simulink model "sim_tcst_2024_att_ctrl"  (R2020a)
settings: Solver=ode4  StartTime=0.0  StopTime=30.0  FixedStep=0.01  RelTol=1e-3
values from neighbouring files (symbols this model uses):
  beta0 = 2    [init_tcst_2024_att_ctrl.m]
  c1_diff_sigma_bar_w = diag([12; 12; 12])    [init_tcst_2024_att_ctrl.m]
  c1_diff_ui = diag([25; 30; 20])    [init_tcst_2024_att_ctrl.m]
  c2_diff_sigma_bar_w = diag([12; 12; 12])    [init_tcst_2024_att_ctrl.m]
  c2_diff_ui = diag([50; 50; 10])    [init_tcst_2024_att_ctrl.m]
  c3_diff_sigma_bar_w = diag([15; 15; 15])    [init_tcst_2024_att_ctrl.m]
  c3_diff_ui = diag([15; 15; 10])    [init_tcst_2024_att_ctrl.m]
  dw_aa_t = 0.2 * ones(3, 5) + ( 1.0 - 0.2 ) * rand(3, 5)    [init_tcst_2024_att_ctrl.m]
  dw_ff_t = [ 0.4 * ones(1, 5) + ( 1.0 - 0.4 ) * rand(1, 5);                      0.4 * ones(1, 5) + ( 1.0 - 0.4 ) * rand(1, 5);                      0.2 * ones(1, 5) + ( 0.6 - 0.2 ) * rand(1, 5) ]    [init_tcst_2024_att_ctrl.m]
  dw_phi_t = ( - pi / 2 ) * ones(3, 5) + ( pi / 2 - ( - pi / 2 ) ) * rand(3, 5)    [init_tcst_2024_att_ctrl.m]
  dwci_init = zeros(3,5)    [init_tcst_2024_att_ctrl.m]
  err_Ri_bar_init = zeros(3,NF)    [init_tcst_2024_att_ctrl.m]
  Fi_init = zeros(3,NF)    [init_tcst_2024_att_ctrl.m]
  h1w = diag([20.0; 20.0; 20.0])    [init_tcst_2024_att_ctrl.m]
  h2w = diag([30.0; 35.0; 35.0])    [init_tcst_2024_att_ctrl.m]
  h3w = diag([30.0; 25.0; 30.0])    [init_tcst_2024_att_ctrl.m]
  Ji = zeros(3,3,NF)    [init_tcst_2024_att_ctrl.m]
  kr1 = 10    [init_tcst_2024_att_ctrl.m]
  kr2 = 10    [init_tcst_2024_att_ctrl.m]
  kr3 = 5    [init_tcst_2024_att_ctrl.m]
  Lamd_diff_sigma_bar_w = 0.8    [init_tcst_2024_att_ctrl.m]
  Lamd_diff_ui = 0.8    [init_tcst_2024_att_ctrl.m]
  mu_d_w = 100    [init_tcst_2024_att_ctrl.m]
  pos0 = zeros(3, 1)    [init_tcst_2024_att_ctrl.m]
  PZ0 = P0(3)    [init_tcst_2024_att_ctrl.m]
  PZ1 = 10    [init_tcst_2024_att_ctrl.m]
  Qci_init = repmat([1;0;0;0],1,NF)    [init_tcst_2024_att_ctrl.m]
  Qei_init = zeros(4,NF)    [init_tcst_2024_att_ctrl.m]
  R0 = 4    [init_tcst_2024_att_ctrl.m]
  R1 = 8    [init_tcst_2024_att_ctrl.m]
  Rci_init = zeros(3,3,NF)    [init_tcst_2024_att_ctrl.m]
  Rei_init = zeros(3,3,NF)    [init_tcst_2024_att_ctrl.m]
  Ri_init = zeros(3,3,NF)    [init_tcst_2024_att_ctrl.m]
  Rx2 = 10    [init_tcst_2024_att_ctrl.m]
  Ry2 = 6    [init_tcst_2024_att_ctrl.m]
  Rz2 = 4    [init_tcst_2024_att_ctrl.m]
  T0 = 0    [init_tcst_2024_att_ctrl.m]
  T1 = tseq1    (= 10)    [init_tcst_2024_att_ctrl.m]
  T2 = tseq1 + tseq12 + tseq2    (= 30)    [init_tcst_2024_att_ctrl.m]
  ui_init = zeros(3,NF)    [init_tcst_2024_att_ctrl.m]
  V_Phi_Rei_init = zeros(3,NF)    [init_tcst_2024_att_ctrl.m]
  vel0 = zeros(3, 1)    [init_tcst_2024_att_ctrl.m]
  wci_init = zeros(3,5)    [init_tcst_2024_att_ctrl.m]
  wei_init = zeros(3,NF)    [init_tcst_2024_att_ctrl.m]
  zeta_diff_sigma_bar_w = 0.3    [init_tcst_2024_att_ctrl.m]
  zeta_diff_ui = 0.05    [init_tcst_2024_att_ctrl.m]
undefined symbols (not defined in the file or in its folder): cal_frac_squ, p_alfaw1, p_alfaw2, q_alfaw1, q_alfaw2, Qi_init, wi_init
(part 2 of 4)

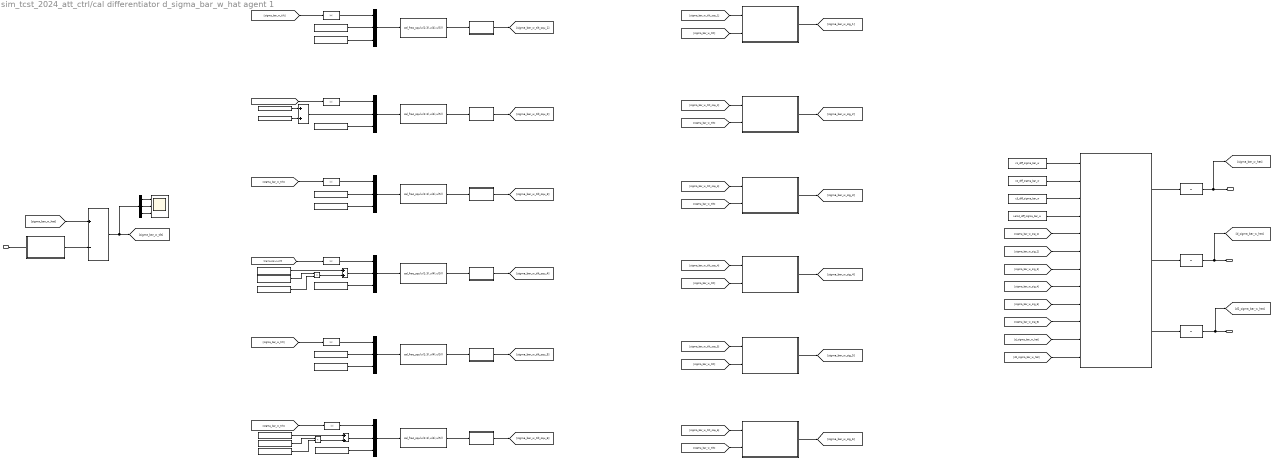
== system sim_tcst_2024_att_ctrl/cal differentiator d_sigma_bar_w_hat agent 1 ==
  x : Inport
  Abs{,1..5} (6 alike) : Abs
  Add : Sum
  Add1 : Sum
  Add2 : Sum
  Add3 : Sum  Inputs=+-
  Constant : Constant  Value=0
  Constant{97,100,105,107,109} (5 alike) : Constant
  Constant{98..99,101,108,110..111} (6 alike) : Constant  Value=3
  Constant102 : Constant  Value=2
  Constant103 : Constant  Value=c1_diff_sigma_bar_w
  Constant104 : Constant  Value=c2_diff_sigma_bar_w
  Constant106 : Constant  Value=c3_diff_sigma_bar_w
  Constant112 : Constant  Value=2
  Constant113 : Constant  Value=Lamd_diff_sigma_bar_w
  Constant161 : Constant  Value=zeta_diff_sigma_bar_w
  Constant162 : Constant  Value=zeta_diff_sigma_bar_w
  Constant163 : Constant  Value=zeta_diff_sigma_bar_w
  Demux2 : Demux  Outputs=3
  Integrator2 : Integrator  InitialCondition=zeros(3,1)
  Integrator3 : Integrator  InitialCondition=zeros(3,1)
  Integrator4 : Integrator  InitialCondition=zeros(3,1)
  Interpreted MATLAB Function{,20..24} (6 alike) : MATLABFcn  MATLABFcn=cal_frac_squ(u(1:3),u(4),u(5))
  Mux{19..24} (6 alike) : Mux  Inputs=3
  Product : Product
  Product1 : Product
  cal differentiator : MATLAB Function  TreatAsAtomicUnit=on
  cal sig : MATLAB Function  TreatAsAtomicUnit=on
  cal sig1 : MATLAB Function  TreatAsAtomicUnit=on
  cal sig2 : MATLAB Function  TreatAsAtomicUnit=on
  cal sig3 : MATLAB Function  TreatAsAtomicUnit=on
  cal sig4 : MATLAB Function  TreatAsAtomicUnit=on
  cal sig5 : MATLAB Function  TreatAsAtomicUnit=on
  choose sigma_bar_w : MATLAB Function  TreatAsAtomicUnit=on
  sigma_bar_w_tilt : Scope  NumInputPorts=3
  trans to column20 : MATLAB Function  TreatAsAtomicUnit=on
  trans to column21 : MATLAB Function  TreatAsAtomicUnit=on
  trans to column22 : MATLAB Function  TreatAsAtomicUnit=on
  trans to column23 : MATLAB Function  TreatAsAtomicUnit=on
  trans to column24 : MATLAB Function  TreatAsAtomicUnit=on
  trans to column25 : MATLAB Function  TreatAsAtomicUnit=on
  Out1 : Outport
  Out2 : Outport  Port=2
  Out3 : Outport  Port=3
  wires:
  Abs/1 -> Mux22/1
  [sigma_bar_w_tilt] -> cal sig/2(y)
  cal sig1/1(z) -> [sigma_bar_w_sig_2]
  [d2_sigma_bar_w_hat] -> cal differentiator/12(d2_sigma_bar_v_hat)
  trans to column23/1(y) -> [sigma_bar_w_tilt_squ_3]
  Add/1 -> Mux21/2
  Demux2/1 -> sigma_bar_w_tilt/1
  [sigma_bar_w_tilt] -> cal sig4/2(y)
  Product1/1 -> Add2/2
  Add2/1 -> Mux19/2
  [d_sigma_bar_w_hat] -> cal differentiator/11("d_sigma_bar_v_hat ")
  [sigma_bar_w_sig_3] -> cal differentiator/7(sigma_bar_v_sig_3)
  trans to column24/1(y) -> [sigma_bar_w_tilt_squ_4]
  Constant107/1 -> Mux21/3
  [sigma_bar_w_sig_5] -> cal differentiator/9(sigma_bar_v_sig_5)
  Constant97/1 -> Mux22/3
  cal sig/1(z) -> [sigma_bar_w_sig_1]
  trans to column22/1(y) -> [sigma_bar_w_tilt_squ_1]
  [sigma_bar_w_tilt_squ_3] -> cal sig2/1(x)
  [sigma_bar_w_tilt] -> Abs3/1
  Interpreted MATLAB Function24/1 -> trans to column25/1(x)
  [sigma_bar_w_sig_1] -> cal differentiator/5(sigma_bar_v_sig_1)
  cal differentiator/1(d_sigma_bar_v_hat) -> Integrator2/1
  Constant110/1 -> Mux24/3
  cal sig5/1(z) -> [sigma_bar_w_sig_5]
  [sigma_bar_w_tilt] -> Abs4/1
  Demux2/3 -> sigma_bar_w_tilt/3
  cal sig2/1(z) -> [sigma_bar_w_sig_3]
  Constant112/1 -> Product/1
  Constant/1 -> Mux22/2
  cal differentiator/3(d_d2sigma_bar_v_hat) -> Integrator4/1
  Abs3/1 -> Mux24/1
  trans to column21/1(y) -> [sigma_bar_w_tilt_squ_2]
  Constant99/1 -> Add2/1
  Constant103/1 -> cal differentiator/1(c1)
  Mux19/1 -> Interpreted MATLAB Function24/1
  [sigma_bar_w_tilt_squ_6] -> cal sig3/1(x)
  Constant106/1 -> cal differentiator/3(c3)
  [sigma_bar_w_tilt] -> Abs2/1
  [sigma_bar_w_tilt_squ_2] -> cal sig1/1(x)
  Constant162/1 -> Product/2
  Product/1 -> Add1/2
  [sigma_bar_w_sig_4] -> cal differentiator/8(sigma_bar_v_sig_4)
  [sigma_bar_w_hat] -> Add3/1
  Constant102/1 -> Mux20/2
  Add3/1 -> Demux2/1, [sigma_bar_w_tilt]
  cal differentiator/2(d_dsigma_bar_v_hat) -> Integrator3/1
  [sigma_bar_w_tilt] -> Abs5/1
  [sigma_bar_w_tilt] -> cal sig2/2(y)
  [sigma_bar_w_sig_6] -> cal differentiator/10(sigma_bar_v_sig_6)
  trans to column20/1(y) -> [sigma_bar_w_tilt_squ_5]
  Constant104/1 -> cal differentiator/2(c2)
  Constant101/1 -> Mux20/3
  Mux22/1 -> Interpreted MATLAB Function/1
  Constant163/1 -> Product1/2
  Abs2/1 -> Mux23/1
  Interpreted MATLAB Function21/1 -> trans to column21/1(x)
  Interpreted MATLAB Function23/1 -> trans to column24/1(x)
  Mux23/1 -> Interpreted MATLAB Function22/1
  cal sig3/1(z) -> [sigma_bar_w_sig_6]
  Abs4/1 -> Mux19/1
  trans to column25/1(y) -> [sigma_bar_w_tilt_squ_6]
  Constant113/1 -> cal differentiator/4(chi_t)
  choose sigma_bar_w/1(y) -> Add3/2
  Interpreted MATLAB Function/1 -> trans to column22/1(x)
  Interpreted MATLAB Function20/1 -> trans to column20/1(x)
  Constant108/1 -> Mux23/3
  [sigma_bar_w_sig_2] -> cal differentiator/6(sigma_bar_v_sig_2)
  [sigma_bar_w_tilt] -> cal sig1/2(y)
  [sigma_bar_w_tilt_squ_1] -> cal sig/1(x)
  Constant100/1 -> Product1/1
  Abs1/1 -> Mux21/1
  Demux2/2 -> sigma_bar_w_tilt/2
  Integrator4/1 -> [d2_sigma_bar_w_hat], Out3/1
  [sigma_bar_w_tilt_squ_4] -> cal sig4/1(x)
  Abs5/1 -> Mux20/1
  Constant98/1 -> Mux19/3
  Constant111/1 -> Add1/1
  [sigma_bar_w_tilt] -> cal sig5/2(y)
  Constant109/1 -> Mux23/2
  [sigma_bar_w_tilt] -> Abs/1
  Mux24/1 -> Interpreted MATLAB Function23/1
  [sigma_bar_w_tilt] -> Abs1/1
  [sigma_bar_w_tilt_squ_5] -> cal sig5/1(x)
  Add1/1 -> Mux24/2
  cal sig4/1(z) -> [sigma_bar_w_sig_4]
  Constant161/1 -> Add/2
  [sigma_bar_w_tilt] -> cal sig3/2(y)
  Mux21/1 -> Interpreted MATLAB Function21/1
  Interpreted MATLAB Function22/1 -> trans to column23/1(x)
  Mux20/1 -> Interpreted MATLAB Function20/1
  x/1 -> choose sigma_bar_w/1(x)
  Constant105/1 -> Add/1
  Integrator2/1 -> [sigma_bar_w_hat], Out1/1
  Integrator3/1 -> [d_sigma_bar_w_hat], Out2/1

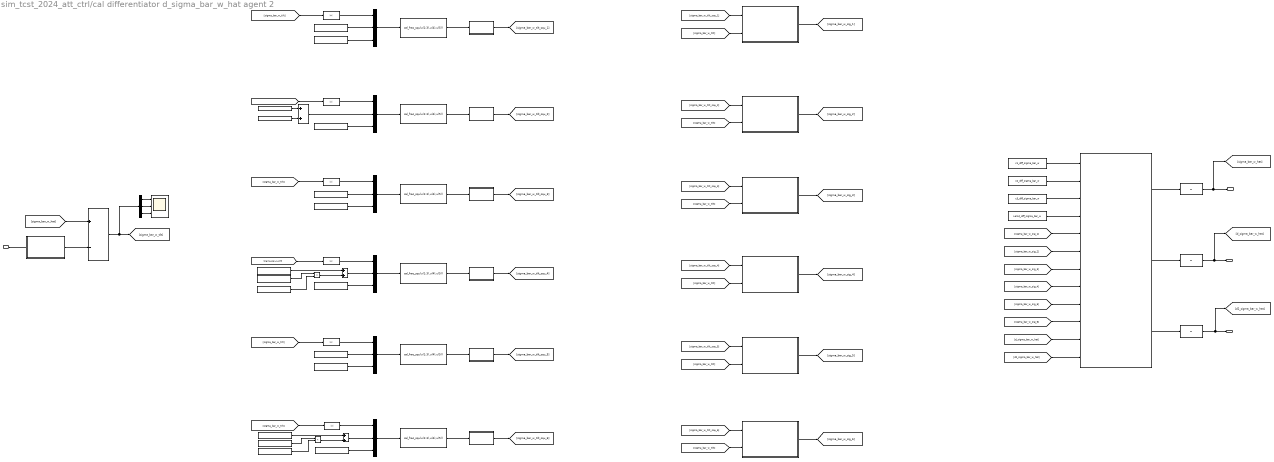
== system sim_tcst_2024_att_ctrl/cal differentiator d_sigma_bar_w_hat agent 2 ==
  x : Inport
  Abs{,1..5} (6 alike) : Abs
  Add : Sum
  Add1 : Sum
  Add2 : Sum
  Add3 : Sum  Inputs=+-
  Constant : Constant  Value=0
  Constant{97,100,105,107,109} (5 alike) : Constant
  Constant{98..99,101,108,110..111} (6 alike) : Constant  Value=3
  Constant102 : Constant  Value=2
  Constant103 : Constant  Value=c1_diff_sigma_bar_w
  Constant104 : Constant  Value=c2_diff_sigma_bar_w
  Constant106 : Constant  Value=c3_diff_sigma_bar_w
  Constant112 : Constant  Value=2
  Constant113 : Constant  Value=Lamd_diff_sigma_bar_w
  Constant161 : Constant  Value=zeta_diff_sigma_bar_w
  Constant162 : Constant  Value=zeta_diff_sigma_bar_w
  Constant163 : Constant  Value=zeta_diff_sigma_bar_w
  Demux2 : Demux  Outputs=3
  Integrator2 : Integrator  InitialCondition=zeros(3,1)
  Integrator3 : Integrator  InitialCondition=zeros(3,1)
  Integrator4 : Integrator  InitialCondition=zeros(3,1)
  Interpreted MATLAB Function{,20..24} (6 alike) : MATLABFcn  MATLABFcn=cal_frac_squ(u(1:3),u(4),u(5))
  Mux{19..24} (6 alike) : Mux  Inputs=3
  Product : Product
  Product1 : Product
  cal differentiator : MATLAB Function  TreatAsAtomicUnit=on
  cal sig : MATLAB Function  TreatAsAtomicUnit=on
  cal sig1 : MATLAB Function  TreatAsAtomicUnit=on
  cal sig2 : MATLAB Function  TreatAsAtomicUnit=on
  cal sig3 : MATLAB Function  TreatAsAtomicUnit=on
  cal sig4 : MATLAB Function  TreatAsAtomicUnit=on
  cal sig5 : MATLAB Function  TreatAsAtomicUnit=on
  choose sigma_bar_w : MATLAB Function  TreatAsAtomicUnit=on
  sigma_bar_w_tilt : Scope  NumInputPorts=3
  trans to column20 : MATLAB Function  TreatAsAtomicUnit=on
  trans to column21 : MATLAB Function  TreatAsAtomicUnit=on
  trans to column22 : MATLAB Function  TreatAsAtomicUnit=on
  trans to column23 : MATLAB Function  TreatAsAtomicUnit=on
  trans to column24 : MATLAB Function  TreatAsAtomicUnit=on
  trans to column25 : MATLAB Function  TreatAsAtomicUnit=on
  Out1 : Outport
  Out2 : Outport  Port=2
  Out3 : Outport  Port=3
  wires:
  Abs/1 -> Mux22/1
  [sigma_bar_w_tilt] -> cal sig/2(y)
  cal sig1/1(z) -> [sigma_bar_w_sig_2]
  [d2_sigma_bar_w_hat] -> cal differentiator/12(d2_sigma_bar_v_hat)
  trans to column23/1(y) -> [sigma_bar_w_tilt_squ_3]
  Add/1 -> Mux21/2
  Demux2/1 -> sigma_bar_w_tilt/1
  [sigma_bar_w_tilt] -> cal sig4/2(y)
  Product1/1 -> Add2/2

^^^^^^^^^^^^^^^^

> _WHAT IS REQUIRED_
Where does the string "symbols" occur in the material? Copy every line where it does.

> _EXPECTED OUTPUT_
values from neighbouring files (symbols this model uses):
undefined symbols (not defined in the file or in its folder): cal_frac_squ, p_alfaw1, p_alfaw2, q_alfaw1, q_alfaw2, Qi_init, wi_init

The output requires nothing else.